<...>
Сегодня Галанов позвонил утром и пригласил к 12. Я приехал точно. Там уже сидел Еременко. Вдвоем. Правда, потом разговор вел в основном Галанов. Еременко больше молчал и только с удовольствием посмеивался, когда я что-то себе «позволял». А «позволял» я часто, потому что мне надоело заниматься дипломатией, и я им «врубал». Пусть хоть слушают. Хотя и толку от этого тоже нуль. Разозлило меня в особенности снятие Дороша. Всего ожидал — этого нет. Ну еще Некрасов куда ни шло, но Дороша с его давними мотивами. Повторяющимися и т. п. Я так и сказал:
— Ведь это же
Молчат. Вообще все мои замечания, на которые практически ответить трудно, встречались или молчанием, или:
— Такое указание, Алексей Иванович.
Потом сняли Некрасова. Потом рецензии: Миши Хитрова о романе Мележа и Березкина на поэму Сергея Смирнова «Свидетельствую сам».

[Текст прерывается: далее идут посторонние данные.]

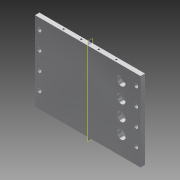
# Autodesk Inventor part: YagiFrontPanel
Saved by Autodesk Inventor 2014 (Build 180170000, 170)
## iProperties
Created: 2015-05-19
Part Number: YagiFrontPanel
Material: Generic
Document SubType Name: Modeling
Designer: Owner
Density: 1 g/cm^3
Appearance: Aluminum - Polished
Author: Owner
Autodesk Inventor part; units mm, degrees
ref_plane "YZ Plane" through (0, 0, 0) normal (1, 0, 0) x (0, 1, 0)
ref_plane "XZ Plane" through (0, 0, 0) normal (0, 1, 0) x (-1, 0, 0)
ref_plane "XY Plane" through (0, 0, 0) normal (0, 0, 1) x (1, 0, 0)
sketch "Sketch1" plane through (0, 0, 0) normal (0, 0, 1) x (1, 0, 0)
  line L0 (-72.6181, 62.4032) -> (3.5819, 62.4032)
  line L1 (3.5819, 62.4032) -> (3.5819, 5.2532)
  line L2 (3.5819, 5.2532) -> (-72.6181, 5.2532)
  line L3 (-72.6181, 5.2532) -> (-72.6181, 62.4032)
  point P0 (0, 0)
  dimension "d0" = 76.2
  dimension "d1" = 57.15
  constraints: 8 end point, 2 parallel, 1 horizontal, 1 perpendicular
  measures "d0" distance of L0.start L0.end
  measures "d1" distance of L0.end L1.end
extrude "Extrusion1" add sketch "Sketch1" along normal blind 3.175
sketch "Sketch5" plane through (0, 0, 3.175) normal (0, 0, 1) x (1, 0, 0)
  line L0 (3.5819, 62.4032) -> (-72.6181, 62.4032) projected
  circle A0 centre (-10.3881, 52.2432) radius 3.175
  line L1 (3.5819, 5.2532) -> (3.5819, 62.4032) projected
  circle A1 centre (-10.3881, 40.8132) radius 3.175
  circle A2 centre (-10.3881, 29.3832) radius 3.175
  circle A3 centre (-10.3881, 17.9532) radius 3.175
  point P0 (0, 0)
  dimension "d48" = 6.35
  dimension "d49" = 13.97
  dimension "d50" = 10.16
  dimension "d53" = 11.43
  constraints: 4 centre point, 1 vertical, 6 other
  measures "d48" diameter of A0
  measures "d49" distance from line of L1 A0.centre
  measures "d50" distance from line of L0 A0.centre
  measures "d53" distance of A0.centre A1.centre
sketch "Sketch2" plane through (-72.6181, 62.4032, 0) normal (0, 1, 0) x (1, 0, 0)
  point P0 (57.15, -1.5875)
hole "Hole1" at (-15.4681, 62.4032, 1.5875) direction (0, -1, 0) diameter 1.1811 depth 4.699 tip angle 120 thread size "0-80 UNF" class "2B" standard "ANSI Unified Screw Threads"
sketch "Sketch3" plane through (-72.6181, 5.2532, 0) normal (0, -1, 0) x (1, 0, 0)
  point P0 (19.05, 1.5875)
hole "Hole3" at (-53.5681, 5.2532, 1.5875) direction (0, 1, 0) diameter 1.1811 depth 4.699 tip angle 120 thread size "0-80 UNF" class "2B" standard "ANSI Unified Screw Threads"
pattern_linear "Rectangular Pattern1" count 2 spacing 12.7 along (1, 0, 0) of "Hole3"
pattern_linear "Rectangular Pattern2" count 2 spacing 12.7 along (-1, 0, 0) of "Hole1"
ref_plane "Work Plane1" through (-34.5181, 5.2532, 0) normal (-1, 0, 0) x (0, 0, 1)
sketch "Sketch4" plane through (0, 0, 3.175) normal (0, 0, 1) x (1, 0, 0)
  point P0 (0.4069, 54.7832)
hole "Hole5" at (0.4069, 54.7832, 3.175) direction (0, 0, -1) diameter 1.778 depth 3.175 countersink diameter 3.0226 countersink angle 82
pattern_linear "Rectangular Pattern3" count 4 spacing 12.7 along (0, -1, 0) of "Hole5"
extrude "Extrusion3" cut sketch "Sketch5" against normal up to next
mirror "Mirror1" about plane through (-34.5181, 5.2532, 0) normal (-1, 0, 0) of "Hole3", "Rectangular Pattern1", "Hole5", "Rectangular Pattern3", "Hole1", "Rectangular Pattern2", "Extrusion3"
body "Solid1"

— Почему же мы не можем выступить с полемической рецензией о плохой поэме Смирнова? — спрашиваю их.
— Если бы статья была написана по-другому...
— Да не в этом дело, как написано, — возражаю я. — Поэма сталинистская, и, как бы ни написал Березкин, вы все равно снимете эту рецензию, потому что мы пытаемся критиковать сталиниста.
Опять молчание.
Сняли письма читателей в защиту повести Грековой, в том числе отличную статейку К. Чуковского [см. текст 921]. Мне говорили, что старый Корней всюду говорит и радуется этой статье. «Оказывается, я еще не разучился писать фельетоны». Сняли.
И конечно, сняли «коротышки» о Солженицыне и о сказках крымских татар. Разорили весь номер. Я сказал им, к чему это приведет... Наше опоздание удлинится до
И только одно повторяется. «Мы не снимаем, а откладываем».